Noted as well was the fact that the endorsement allows one to opt for the policy with the optional benefits, as long as they agreed not to claim under another policy. The court found that “There is no reason why the insureds could not agree not to make a claim under another policy, after withdrawing the Economical application and submitting an application to Heartland. The insureds in this case had no intention of claiming benefits under more than one policy nor does Heartland suggest that they did. Rather, they advance the purely technical argument that if an insured “first” applies under another policy, they disentitle themselves from claiming under the policy which includes optional benefits. The insureds did not breach the insurance contract. They sent their application to the wrong insurer. Had they done so with the intention of obtaining double recovery, it might be argued that doing so was a breach. But that is not what happened. They made a mistake. All that they needed to do to fix the mistake was to withdraw the application and re-apply to Heartland.”
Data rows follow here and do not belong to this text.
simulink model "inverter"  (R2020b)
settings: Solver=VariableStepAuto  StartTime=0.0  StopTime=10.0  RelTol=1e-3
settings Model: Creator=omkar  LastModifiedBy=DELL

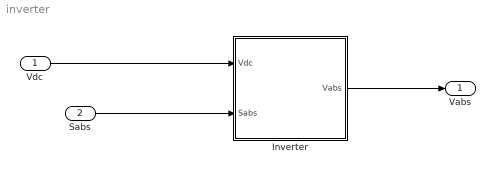
== system inverter ==
  Vdc : Inport
  Sabs : Inport  Port=2
  Inverter : Subsystem
  Vabs : Outport
  wires:
  Vdc/1 -> Inverter/1(Vdc)
  Sabs/1 -> Inverter/2(Sabs)
  Inverter/1(Vabs) -> Vabs/1

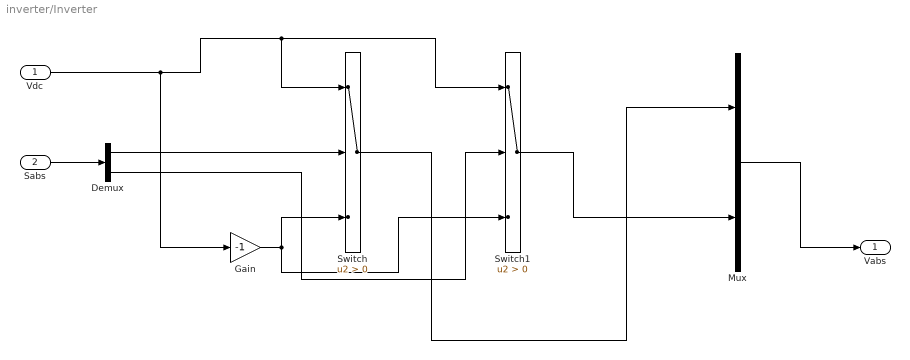
== system inverter/Inverter ==
  Vdc : Inport
  Sabs : Inport  Port=2
  Demux : Demux  Outputs=2
  Gain : Gain  Gain=-1
  Mux : Mux  Inputs=2
  Switch : Switch  Criteria=u2 > Threshold
  Switch1 : Switch  Criteria=u2 > Threshold
  Vabs : Outport
  wires:
  Demux/1 -> Switch/2
  Vdc/1 -> Gain/1, Switch/1, Switch1/1
  Gain/1 -> Switch/3, Switch1/3
  Mux/1 -> Vabs/1
  Switch1/1 -> Mux/2
  Demux/2 -> Switch1/2
  Switch/1 -> Mux/1
  Sabs/1 -> Demux/1

OPCF 47 should not be interpreted to provide for a harsh result
The court quoted Rizzo & Rizzo Shoes Ltd, that confirmed “it is a well-established principle of statutory interpretation that the legislature does not intend to produce absurd consequences”, and that an “interpretation can be considered absurd … if it is extremely unreasonable or inequitable … or if it is incompatible with … the object of the legislative enactment”. Further, that to “interpret the OPCF 47 in the way that Heartland argues would be incompatible with that purpose and would be to treat it as a trap upon which insurers can rely in denying benefits to insureds unfamiliar with the effect of the endorsement. This would be an extremely inequitable and therefore absurd interpretation of the OPCF 47. It would also be to ignore the fact that the SABS are intended to be remedial and constitute consumer protection legislation.”
Duty of good faith in contractual performance
The court also found that Heartland’s actions following the MVA were clearly lacking in good faith. Reference was made to a senior accident benefit specialist, who failed to tell the insureds that they should apply to Heartland, and not to Economical, to claim optional benefits, which Turnbull J. had earlier framed as her being “guilty of “sharp conduct”. It was found that “Allowing Heartland to rely on the innocent error which occurred in this case would be to deny the good faith which underlaid their insurance obligation. Heartland also failed to provide information as required under s.32(2) of the Schedule. Information to assist in applying for benefits. Specifically herein, to whom the application ought to be directed.